6. Navigation- Compass or GPS? I have been on the water when fog made it impossible to navigate by sight- without some navigation aids, you would be "up the creek without a paddle!"
7. Safety equipment- what do you recommend for bay fishing?


----------



## Wilber (May 20, 2003)

Kayak Fishing Magazine is an on line Mag with articles and info on Kayak fishing. Good resource.


----------



## mytmouse (Jan 24, 2009)

1) You need a bay sport license... nothing extra/special since your in a yak.
2) If you can afford it, a dry suit is the best... however, I go with a pair of overall waders... Others add dry tops with their waders.
3) Can't go wrong with a top/bottom rig for craker and spot. I like to liveline for Stripers and/or blues. Jigging spoons are good around the bridge. I use bass assasins, beetle spins for white Perch.
4) For the yak you have, your gonna need something to get the water out... A cup will probably be sufficient, but a pump would probably make the process a million times quicker. I have been out on the with Metroman numerous times with that yak. There was just once where taking on water was a concern, and honestly we shouldn't have even been on the water that day. Easily 4-6 foot swells near the bay bridge... 
5) I have never anchored anywhere... I always drift...
6) Never used any... haven't got lost yet...lol
7) PFD! If you going alone a handheld radio just in case. Gear leashes!!! And water...lol!
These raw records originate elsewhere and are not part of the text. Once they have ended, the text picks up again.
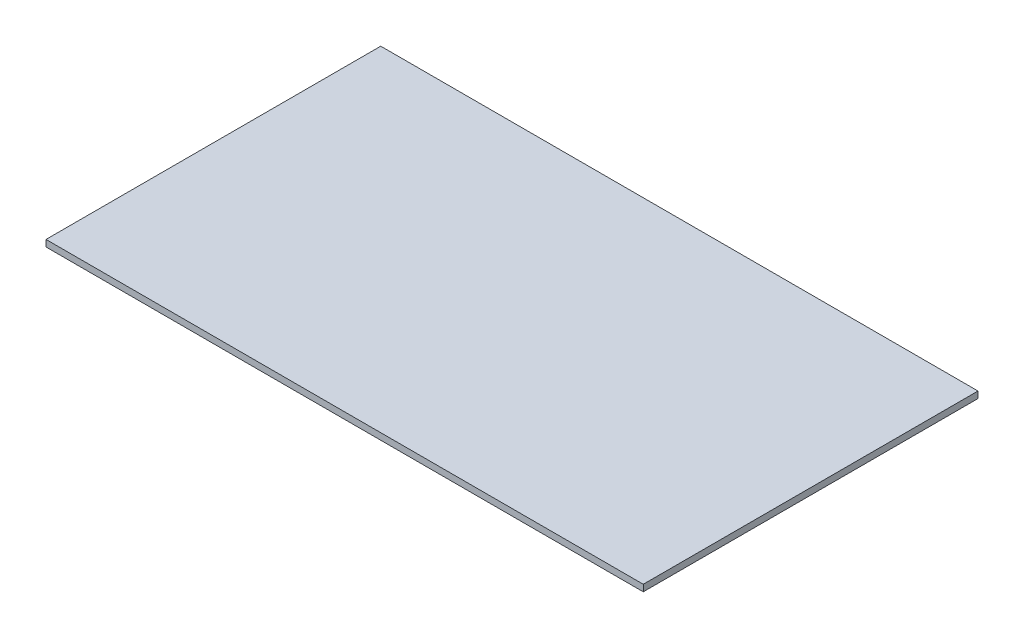
ISO-10303-21;
HEADER;
FILE_DESCRIPTION(('STEP AP214'),'2;1');
FILE_NAME('part.step','',(''),(''),'','','');
FILE_SCHEMA(('AUTOMOTIVE_DESIGN { 1 0 10303 214 1 1 1 1 }'));
ENDSEC;
DATA;
#1=APPLICATION_CONTEXT('core data for automotive mechanical design processes');
#2=APPLICATION_PROTOCOL_DEFINITION('international standard','automotive_design',2000,#1);
#3=PRODUCT_CONTEXT('',#1,'mechanical');
#4=PRODUCT('Part','Part','',(#3));
#5=PRODUCT_RELATED_PRODUCT_CATEGORY('part','',(#4));
#6=PRODUCT_DEFINITION_FORMATION('','',#4);
#7=PRODUCT_DEFINITION_CONTEXT('part definition',#1,'design');
#8=PRODUCT_DEFINITION('design','',#6,#7);
#9=PRODUCT_DEFINITION_SHAPE('','',#8);
#10=(LENGTH_UNIT() NAMED_UNIT(*) SI_UNIT(.MILLI.,.METRE.));
#11=(NAMED_UNIT(*) PLANE_ANGLE_UNIT() SI_UNIT($,.RADIAN.));
#12=(NAMED_UNIT(*) SI_UNIT($,.STERADIAN.) SOLID_ANGLE_UNIT());
#13=UNCERTAINTY_MEASURE_WITH_UNIT(LENGTH_MEASURE(1.E-05),#10,'distance_accuracy_value','');
#14=(GEOMETRIC_REPRESENTATION_CONTEXT(3) GLOBAL_UNCERTAINTY_ASSIGNED_CONTEXT((#13)) GLOBAL_UNIT_ASSIGNED_CONTEXT((#10,
#11,#12)) REPRESENTATION_CONTEXT('',''));
#15=CARTESIAN_POINT('',(0.,0.,0.));
#16=DIRECTION('',(0.,0.,1.));
#17=DIRECTION('',(1.,0.,0.));
#18=AXIS2_PLACEMENT_3D('',#15,#16,#17);
#19=CARTESIAN_POINT('',(227.5,5.,127.5));
#20=DIRECTION('',(-1.,0.,0.));
#21=DIRECTION('',(0.,0.,1.));
#22=AXIS2_PLACEMENT_3D('',#19,#20,#21);
#23=PLANE('',#22);
#24=DIRECTION('',(0.,0.,-1.));
#25=VECTOR('',#24,1.);
#26=CARTESIAN_POINT('',(227.5,0.,127.5));
#27=LINE('',#26,#25);
#28=CARTESIAN_POINT('',(227.5,0.,127.5));
#29=VERTEX_POINT('',#28);
#30=CARTESIAN_POINT('',(227.5,0.,-127.5));
#31=VERTEX_POINT('',#30);
#32=EDGE_CURVE('E98',#29,#31,#27,.T.);
#33=ORIENTED_EDGE('',*,*,#32,.T.);
#34=DIRECTION('',(0.,-1.,0.));
#35=VECTOR('',#34,1.);
#36=CARTESIAN_POINT('',(227.5,5.,-127.5));
#37=LINE('',#36,#35);
#38=CARTESIAN_POINT('',(227.5,5.,-127.5));
#39=VERTEX_POINT('',#38);
#40=EDGE_CURVE('E11',#39,#31,#37,.T.);
#41=ORIENTED_EDGE('',*,*,#40,.F.);
#42=DIRECTION('',(0.,0.,-1.));
#43=VECTOR('',#42,1.);
#44=CARTESIAN_POINT('',(227.5,5.,127.5));
#45=LINE('',#44,#43);
#46=CARTESIAN_POINT('',(227.5,5.,127.5));
#47=VERTEX_POINT('',#46);
#48=EDGE_CURVE('E86',#47,#39,#45,.T.);
#49=ORIENTED_EDGE('',*,*,#48,.F.);
#50=DIRECTION('',(0.,-1.,0.));
#51=VECTOR('',#50,1.);
#52=CARTESIAN_POINT('',(227.5,5.,127.5));
#53=LINE('',#52,#51);
#54=EDGE_CURVE('E94',#47,#29,#53,.T.);
#55=ORIENTED_EDGE('',*,*,#54,.T.);
#56=EDGE_LOOP('',(#33,#41,#49,#55));
#57=FACE_BOUND('',#56,.T.);
#58=ADVANCED_FACE('F35',(#57),#23,.F.);
#59=CARTESIAN_POINT('',(-227.5,5.,-127.5));
#60=DIRECTION('',(0.,0.,1.));
#61=DIRECTION('',(1.,0.,0.));
#62=AXIS2_PLACEMENT_3D('',#59,#60,#61);
#63=PLANE('',#62);
#64=DIRECTION('',(-1.,0.,0.));
#65=VECTOR('',#64,1.);
#66=CARTESIAN_POINT('',(-227.5,0.,-127.5));
#67=LINE('',#66,#65);
#68=CARTESIAN_POINT('',(-227.5,0.,-127.5));
#69=VERTEX_POINT('',#68);
#70=EDGE_CURVE('E90',#31,#69,#67,.T.);
#71=ORIENTED_EDGE('',*,*,#70,.T.);
#72=DIRECTION('',(0.,-1.,0.));
#73=VECTOR('',#72,1.);
#74=CARTESIAN_POINT('',(-227.5,5.,-127.5));
#75=LINE('',#74,#73);
#76=CARTESIAN_POINT('',(-227.5,5.,-127.5));
#77=VERTEX_POINT('',#76);
#78=EDGE_CURVE('E43',#77,#69,#75,.T.);
#79=ORIENTED_EDGE('',*,*,#78,.F.);
#80=DIRECTION('',(-1.,0.,0.));
#81=VECTOR('',#80,1.);
#82=CARTESIAN_POINT('',(-227.5,5.,-127.5));
#83=LINE('',#82,#81);
#84=EDGE_CURVE('E81',#39,#77,#83,.T.);
#85=ORIENTED_EDGE('',*,*,#84,.F.);
#86=ORIENTED_EDGE('',*,*,#40,.T.);
#87=EDGE_LOOP('',(#71,#79,#85,#86));
#88=FACE_BOUND('',#87,.T.);
#89=ADVANCED_FACE('F89',(#88),#63,.F.);
#90=CARTESIAN_POINT('',(-227.5,5.,127.5));
#91=DIRECTION('',(1.,0.,0.));
#92=DIRECTION('',(0.,0.,-1.));
#93=AXIS2_PLACEMENT_3D('',#90,#91,#92);
#94=PLANE('',#93);
#95=DIRECTION('',(0.,0.,1.));
#96=VECTOR('',#95,1.);
#97=CARTESIAN_POINT('',(-227.5,0.,127.5));
#98=LINE('',#97,#96);
#99=CARTESIAN_POINT('',(-227.5,0.,127.5));
#100=VERTEX_POINT('',#99);
#101=EDGE_CURVE('E68',#69,#100,#98,.T.);
#102=ORIENTED_EDGE('',*,*,#101,.T.);
#103=DIRECTION('',(0.,-1.,0.));
#104=VECTOR('',#103,1.);
#105=CARTESIAN_POINT('',(-227.5,5.,127.5));
#106=LINE('',#105,#104);
#107=CARTESIAN_POINT('',(-227.5,5.,127.5));
#108=VERTEX_POINT('',#107);
#109=EDGE_CURVE('E91',#108,#100,#106,.T.);
#110=ORIENTED_EDGE('',*,*,#109,.F.);
#111=DIRECTION('',(0.,0.,1.));
#112=VECTOR('',#111,1.);
#113=CARTESIAN_POINT('',(-227.5,5.,127.5));
#114=LINE('',#113,#112);
#115=EDGE_CURVE('E84',#77,#108,#114,.T.);
#116=ORIENTED_EDGE('',*,*,#115,.F.);
#117=ORIENTED_EDGE('',*,*,#78,.T.);
#118=EDGE_LOOP('',(#102,#110,#116,#117));
#119=FACE_BOUND('',#118,.T.);
#120=ADVANCED_FACE('F92',(#119),#94,.F.);
#121=CARTESIAN_POINT('',(-227.5,5.,127.5));
#122=DIRECTION('',(0.,0.,-1.));
#123=DIRECTION('',(-1.,0.,0.));
#124=AXIS2_PLACEMENT_3D('',#121,#122,#123);
#125=PLANE('',#124);
#126=DIRECTION('',(1.,0.,0.));
#127=VECTOR('',#126,1.);
#128=CARTESIAN_POINT('',(-227.5,0.,127.5));
#129=LINE('',#128,#127);
#130=EDGE_CURVE('E74',#100,#29,#129,.T.);
#131=ORIENTED_EDGE('',*,*,#130,.T.);
#132=ORIENTED_EDGE('',*,*,#54,.F.);
#133=DIRECTION('',(1.,0.,0.));
#134=VECTOR('',#133,1.);
#135=CARTESIAN_POINT('',(-227.5,5.,127.5));
#136=LINE('',#135,#134);
#137=EDGE_CURVE('E51',#108,#47,#136,.T.);
#138=ORIENTED_EDGE('',*,*,#137,.F.);
#139=ORIENTED_EDGE('',*,*,#109,.T.);
#140=EDGE_LOOP('',(#131,#132,#138,#139));
#141=FACE_BOUND('',#140,.T.);
#142=ADVANCED_FACE('F105',(#141),#125,.F.);
#143=CARTESIAN_POINT('',(0.,5.,0.));
#144=DIRECTION('',(0.,-1.,0.));
#145=DIRECTION('',(0.,0.,-1.));
#146=AXIS2_PLACEMENT_3D('',#143,#144,#145);
#147=PLANE('',#146);
#148=ORIENTED_EDGE('',*,*,#48,.T.);
#149=ORIENTED_EDGE('',*,*,#84,.T.);
#150=ORIENTED_EDGE('',*,*,#115,.T.);
#151=ORIENTED_EDGE('',*,*,#137,.T.);
#152=EDGE_LOOP('',(#148,#149,#150,#151));
#153=FACE_BOUND('',#152,.T.);
#154=ADVANCED_FACE('F82',(#153),#147,.F.);
#155=CARTESIAN_POINT('',(0.,0.,0.));
#156=DIRECTION('',(0.,-1.,0.));
#157=DIRECTION('',(0.,0.,-1.));
#158=AXIS2_PLACEMENT_3D('',#155,#156,#157);
#159=PLANE('',#158);
#160=ORIENTED_EDGE('',*,*,#32,.F.);
#161=ORIENTED_EDGE('',*,*,#130,.F.);
#162=ORIENTED_EDGE('',*,*,#101,.F.);
#163=ORIENTED_EDGE('',*,*,#70,.F.);
#164=EDGE_LOOP('',(#160,#161,#162,#163));
#165=FACE_BOUND('',#164,.T.);
#166=ADVANCED_FACE('F108',(#165),#159,.T.);
#167=CLOSED_SHELL('',(#58,#89,#120,#142,#154,#166));
#168=MANIFOLD_SOLID_BREP('B2',#167);
#169=ADVANCED_BREP_SHAPE_REPRESENTATION('',(#18,#168),#14);
#170=SHAPE_DEFINITION_REPRESENTATION(#9,#169);
ENDSEC;
END-ISO-10303-21;

I hope this helps you out some...

Myt


----------



## Ronaulmtd (Feb 8, 2011)

Thanks- it does a lot. I think I am starting out staying in the creeks and hanging around Mitchell Creek- by Cobb Island


----------



## mytmouse (Jan 24, 2009)

Oh then you will be good to go back there!!! Just take your time... get to know the boat and you'll be fine...

MYT


----------



## Trapper (Aug 20, 2007)

Try and hook up with someone your first time out. and get some pointers. TAKE YOUR TIME


----------



## richardbb85 (Apr 18, 2009)

Ronaulmtd said:


> Thanks- it does a lot. I think I am starting out staying in the creeks and hanging around Mitchell Creek- by Cobb Island


try out bushwood wharf when the croakers are in, it's a well protected area with a lot of fishes around + minimal boat traffic


----------



## Ronaulmtd (Feb 8, 2011)

Being that I don't know anything about kayak fishing other than watching Kayak Kevin's video a time or two, I'll take your advice and try to find someone experienced to go the first time and that maybe will keep me from swimming back in. 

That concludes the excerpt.